Not helping matters is the fact that Randy Pitchford posted, as part of a recent and lengthy thread on Twitter, that people should use DLSS because it’s “great” and added: “The game was built to take advantage of it.” That, and a different part of the thread claiming it was acceptable for devs to focus on “default settings” reaching only 30FPS, didn’t go over well with a lot of PC gamers who specifically buy new parts and upgrade their rigs to achieve high framerates at high resolutions. For many, Pitchford’s claim that Borderlands 4 was developed to “take advantage” of DLSS was him confirming that it was built with the assumption that most users would use DLSS. And that, to some, sounds a lot like the game wasn’t properly optimized to run without help from DLSS and frame generation.

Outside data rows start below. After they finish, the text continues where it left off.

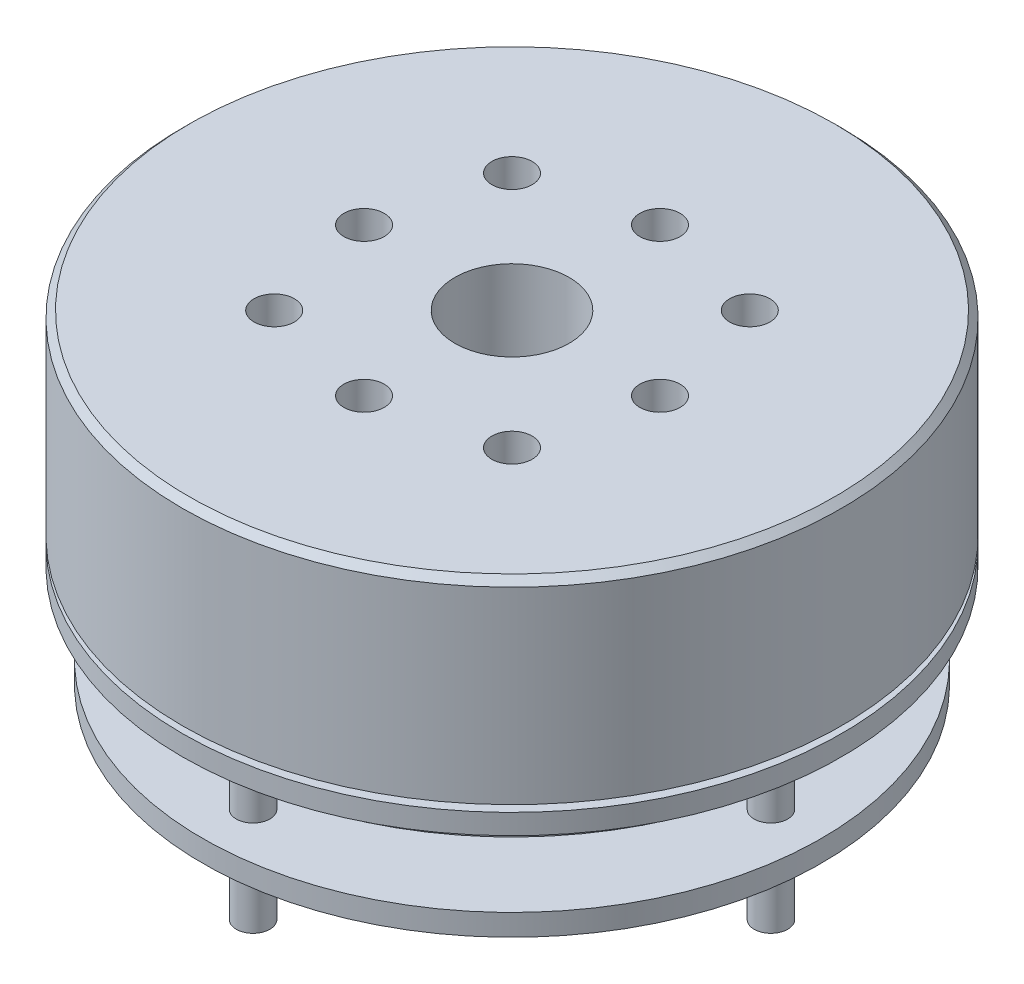
ISO-10303-21;
HEADER;
FILE_DESCRIPTION(('STEP AP214'),'2;1');
FILE_NAME('part.step','',(''),(''),'','','');
FILE_SCHEMA(('AUTOMOTIVE_DESIGN { 1 0 10303 214 1 1 1 1 }'));
ENDSEC;
DATA;
#1=APPLICATION_CONTEXT('core data for automotive mechanical design processes');
#2=APPLICATION_PROTOCOL_DEFINITION('international standard','automotive_design',2000,#1);
#3=PRODUCT_CONTEXT('',#1,'mechanical');
#4=PRODUCT('Part','Part','',(#3));
#5=PRODUCT_RELATED_PRODUCT_CATEGORY('part','',(#4));
#6=PRODUCT_DEFINITION_FORMATION('','',#4);
#7=PRODUCT_DEFINITION_CONTEXT('part definition',#1,'design');
#8=PRODUCT_DEFINITION('design','',#6,#7);
#9=PRODUCT_DEFINITION_SHAPE('','',#8);
#10=(LENGTH_UNIT() NAMED_UNIT(*) SI_UNIT(.MILLI.,.METRE.));
#11=(NAMED_UNIT(*) PLANE_ANGLE_UNIT() SI_UNIT($,.RADIAN.));
#12=(NAMED_UNIT(*) SI_UNIT($,.STERADIAN.) SOLID_ANGLE_UNIT());
#13=UNCERTAINTY_MEASURE_WITH_UNIT(LENGTH_MEASURE(1.E-05),#10,'distance_accuracy_value','');
#14=(GEOMETRIC_REPRESENTATION_CONTEXT(3) GLOBAL_UNCERTAINTY_ASSIGNED_CONTEXT((#13)) GLOBAL_UNIT_ASSIGNED_CONTEXT((#10,
#11,#12)) REPRESENTATION_CONTEXT('',''));
#15=CARTESIAN_POINT('',(0.,0.,0.));
#16=DIRECTION('',(0.,0.,1.));
#17=DIRECTION('',(1.,0.,0.));
#18=AXIS2_PLACEMENT_3D('',#15,#16,#17);
#19=CARTESIAN_POINT('',(0.,3.1,0.));
#20=DIRECTION('',(0.,-1.,0.));
#21=DIRECTION('',(0.,0.,-1.));
#22=AXIS2_PLACEMENT_3D('',#19,#20,#21);
#23=PLANE('',#22);
#24=CARTESIAN_POINT('',(0.,3.1,0.));
#25=DIRECTION('',(0.,-1.,0.));
#26=DIRECTION('',(0.,0.,-1.));
#27=AXIS2_PLACEMENT_3D('',#24,#25,#26);
#28=CIRCLE('',#27,8.3);
#29=CARTESIAN_POINT('',(0.,3.1,-8.3));
#30=VERTEX_POINT('',#29);
#31=EDGE_CURVE('E10',#30,#30,#28,.T.);
#32=ORIENTED_EDGE('',*,*,#31,.T.);
#33=EDGE_LOOP('',(#32));
#34=FACE_BOUND('',#33,.T.);
#35=ADVANCED_FACE('F31',(#34),#23,.T.);
#36=CARTESIAN_POINT('',(0.,4.54529667582957,0.));
#37=DIRECTION('',(0.,-1.,0.));
#38=DIRECTION('',(0.,0.,-1.));
#39=AXIS2_PLACEMENT_3D('',#36,#37,#38);
#40=CYLINDRICAL_SURFACE('',#39,8.3);
#41=CARTESIAN_POINT('',(0.,4.1,0.));
#42=DIRECTION('',(0.,-1.,0.));
#43=DIRECTION('',(0.,0.,-1.));
#44=AXIS2_PLACEMENT_3D('',#41,#42,#43);
#45=CIRCLE('',#44,8.3);
#46=CARTESIAN_POINT('',(0.,4.1,-8.3));
#47=VERTEX_POINT('',#46);
#48=EDGE_CURVE('E37',#47,#47,#45,.T.);
#49=ORIENTED_EDGE('',*,*,#48,.T.);
#50=EDGE_LOOP('',(#49));
#51=FACE_BOUND('',#50,.T.);
#52=ORIENTED_EDGE('',*,*,#31,.F.);
#53=EDGE_LOOP('',(#52));
#54=FACE_BOUND('',#53,.T.);
#55=ADVANCED_FACE('F221',(#51,#54),#40,.T.);
#56=CARTESIAN_POINT('',(22.5,4.1,0.));
#57=DIRECTION('',(0.,-1.,0.));
#58=DIRECTION('',(0.,0.,-1.));
#59=AXIS2_PLACEMENT_3D('',#56,#57,#58);
#60=PLANE('',#59);
#61=CARTESIAN_POINT('',(-19.2499999999995,4.1,-5.47117906535277E-13));
#62=DIRECTION('',(0.,-1.,0.));
#63=DIRECTION('',(0.,0.,-1.));
#64=AXIS2_PLACEMENT_3D('',#61,#62,#63);
#65=CIRCLE('',#64,1.25000000000088);
#66=CARTESIAN_POINT('',(-19.2499999999995,4.1,-1.25000000000142));
#67=VERTEX_POINT('',#66);
#68=EDGE_CURVE('E144',#67,#67,#65,.T.);
#69=ORIENTED_EDGE('',*,*,#68,.F.);
#70=EDGE_LOOP('',(#69));
#71=FACE_BOUND('',#70,.T.);
#72=CARTESIAN_POINT('',(1.08952092289384E-12,4.1,-19.25));
#73=DIRECTION('',(0.,-1.,0.));
#74=DIRECTION('',(0.,0.,-1.));
#75=AXIS2_PLACEMENT_3D('',#72,#73,#74);
#76=CIRCLE('',#75,1.25000000000117);
#77=CARTESIAN_POINT('',(1.08952092289384E-12,4.1,-20.5000000000012));
#78=VERTEX_POINT('',#77);
#79=EDGE_CURVE('E138',#78,#78,#76,.T.);
#80=ORIENTED_EDGE('',*,*,#79,.F.);
#81=EDGE_LOOP('',(#80));
#82=FACE_BOUND('',#81,.T.);
#83=CARTESIAN_POINT('',(19.2500000000005,4.1,5.44760461446919E-13));
#84=DIRECTION('',(0.,-1.,0.));
#85=DIRECTION('',(0.,0.,-1.));
#86=AXIS2_PLACEMENT_3D('',#83,#84,#85);
#87=CIRCLE('',#86,1.25000000000043);
#88=CARTESIAN_POINT('',(19.2500000000005,4.1,-1.24999999999988));
#89=VERTEX_POINT('',#88);
#90=EDGE_CURVE('E132',#89,#89,#87,.T.);
#91=ORIENTED_EDGE('',*,*,#90,.F.);
#92=EDGE_LOOP('',(#91));
#93=FACE_BOUND('',#92,.T.);
#94=CARTESIAN_POINT('',(0.,4.1,19.25));
#95=DIRECTION('',(0.,-1.,0.));
#96=DIRECTION('',(0.,0.,-1.));
#97=AXIS2_PLACEMENT_3D('',#94,#95,#96);
#98=CIRCLE('',#97,1.25);
#99=CARTESIAN_POINT('',(0.,4.1,18.));
#100=VERTEX_POINT('',#99);
#101=EDGE_CURVE('E126',#100,#100,#98,.T.);
#102=ORIENTED_EDGE('',*,*,#101,.F.);
#103=EDGE_LOOP('',(#102));
#104=FACE_BOUND('',#103,.T.);
#105=CARTESIAN_POINT('',(0.,4.1,0.));
#106=DIRECTION('',(0.,-1.,0.));
#107=DIRECTION('',(0.,0.,-1.));
#108=AXIS2_PLACEMENT_3D('',#105,#106,#107);
#109=CIRCLE('',#108,22.5);
#110=CARTESIAN_POINT('',(0.,4.1,-22.5));
#111=VERTEX_POINT('',#110);
#112=EDGE_CURVE('E41',#111,#111,#109,.T.);
#113=ORIENTED_EDGE('',*,*,#112,.T.);
#114=EDGE_LOOP('',(#113));
#115=FACE_BOUND('',#114,.T.);
#116=ORIENTED_EDGE('',*,*,#48,.F.);
#117=EDGE_LOOP('',(#116));
#118=FACE_BOUND('',#117,.T.);
#119=ADVANCED_FACE('F225',(#71,#82,#93,#104,#115,#118),#60,.T.);
#120=CARTESIAN_POINT('',(0.,4.54529667582957,0.));
#121=DIRECTION('',(0.,-1.,0.));
#122=DIRECTION('',(0.,0.,-1.));
#123=AXIS2_PLACEMENT_3D('',#120,#121,#122);
#124=CYLINDRICAL_SURFACE('',#123,22.5);
#125=CARTESIAN_POINT('',(0.,5.6,0.));
#126=DIRECTION('',(0.,-1.,0.));
#127=DIRECTION('',(0.,0.,-1.));
#128=AXIS2_PLACEMENT_3D('',#125,#126,#127);
#129=CIRCLE('',#128,22.5);
#130=CARTESIAN_POINT('',(0.,5.6,-22.5));
#131=VERTEX_POINT('',#130);
#132=EDGE_CURVE('E45',#131,#131,#129,.T.);
#133=ORIENTED_EDGE('',*,*,#132,.T.);
#134=EDGE_LOOP('',(#133));
#135=FACE_BOUND('',#134,.T.);
#136=ORIENTED_EDGE('',*,*,#112,.F.);
#137=EDGE_LOOP('',(#136));
#138=FACE_BOUND('',#137,.T.);
#139=ADVANCED_FACE('F229',(#135,#138),#124,.T.);
#140=CARTESIAN_POINT('',(24.5,5.6,0.));
#141=DIRECTION('',(0.,-1.,0.));
#142=DIRECTION('',(0.,0.,-1.));
#143=AXIS2_PLACEMENT_3D('',#140,#141,#142);
#144=PLANE('',#143);
#145=CARTESIAN_POINT('',(0.,5.6,0.));
#146=DIRECTION('',(0.,-1.,0.));
#147=DIRECTION('',(0.,0.,-1.));
#148=AXIS2_PLACEMENT_3D('',#145,#146,#147);
#149=CIRCLE('',#148,24.5);
#150=CARTESIAN_POINT('',(0.,5.6,-24.5));
#151=VERTEX_POINT('',#150);
#152=EDGE_CURVE('E50',#151,#151,#149,.T.);
#153=ORIENTED_EDGE('',*,*,#152,.T.);
#154=EDGE_LOOP('',(#153));
#155=FACE_BOUND('',#154,.T.);
#156=ORIENTED_EDGE('',*,*,#132,.F.);
#157=EDGE_LOOP('',(#156));
#158=FACE_BOUND('',#157,.T.);
#159=ADVANCED_FACE('F236',(#155,#158),#144,.T.);
#160=CARTESIAN_POINT('',(0.,4.54529667582957,0.));
#161=DIRECTION('',(0.,-1.,0.));
#162=DIRECTION('',(0.,0.,-1.));
#163=AXIS2_PLACEMENT_3D('',#160,#161,#162);
#164=CYLINDRICAL_SURFACE('',#163,24.5);
#165=CARTESIAN_POINT('',(0.,7.1,0.));
#166=DIRECTION('',(0.,-1.,0.));
#167=DIRECTION('',(0.,0.,-1.));
#168=AXIS2_PLACEMENT_3D('',#165,#166,#167);
#169=CIRCLE('',#168,24.5);
#170=CARTESIAN_POINT('',(0.,7.1,-24.5));
#171=VERTEX_POINT('',#170);
#172=EDGE_CURVE('E53',#171,#171,#169,.T.);
#173=ORIENTED_EDGE('',*,*,#172,.T.);
#174=EDGE_LOOP('',(#173));
#175=FACE_BOUND('',#174,.T.);
#176=ORIENTED_EDGE('',*,*,#152,.F.);
#177=EDGE_LOOP('',(#176));
#178=FACE_BOUND('',#177,.T.);
#179=ADVANCED_FACE('F240',(#175,#178),#164,.T.);
#180=CARTESIAN_POINT('',(23.5,7.10000000000001,0.));
#181=DIRECTION('',(0.,1.,0.));
#182=DIRECTION('',(0.,0.,1.));
#183=AXIS2_PLACEMENT_3D('',#180,#181,#182);
#184=PLANE('',#183);
#185=CARTESIAN_POINT('',(0.,7.10000000000001,0.));
#186=DIRECTION('',(0.,-1.,0.));
#187=DIRECTION('',(0.,0.,-1.));
#188=AXIS2_PLACEMENT_3D('',#185,#186,#187);
#189=CIRCLE('',#188,23.5);
#190=CARTESIAN_POINT('',(0.,7.10000000000001,-23.5));
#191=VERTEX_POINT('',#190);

While I do agree that newer DLSS and frame gen tools are powerful and impressive, it feels weird that Borderlands 4, along with other games like Alan Wake 2, demand that even users with the highest-end hardware lean on upscaling tech to play at decent settings and historically popular framerates like 120. In a recent video, the tech experts over at Digital Foundry weren’t impressed with Borderlands 4 on PC, with one even saying: “[Borderlands 4] does seem to be running worse than usual for an Unreal Engine 5 game. It is below where it seems like it should be given how other games using this engine perform.”

Pitchford has promised on Twitter that more updates are coming, including some more improvements to how the game runs on PC. He’s also been spending a lot of time online helping people improve how Borderlands 4 runs and claiming that performance issues are not as widespread as some might make you believe. Personally, I just miss when games could run on a high-end computer packed with powerful hardware without needing four different upscaling tools. And it seems I’m not alone.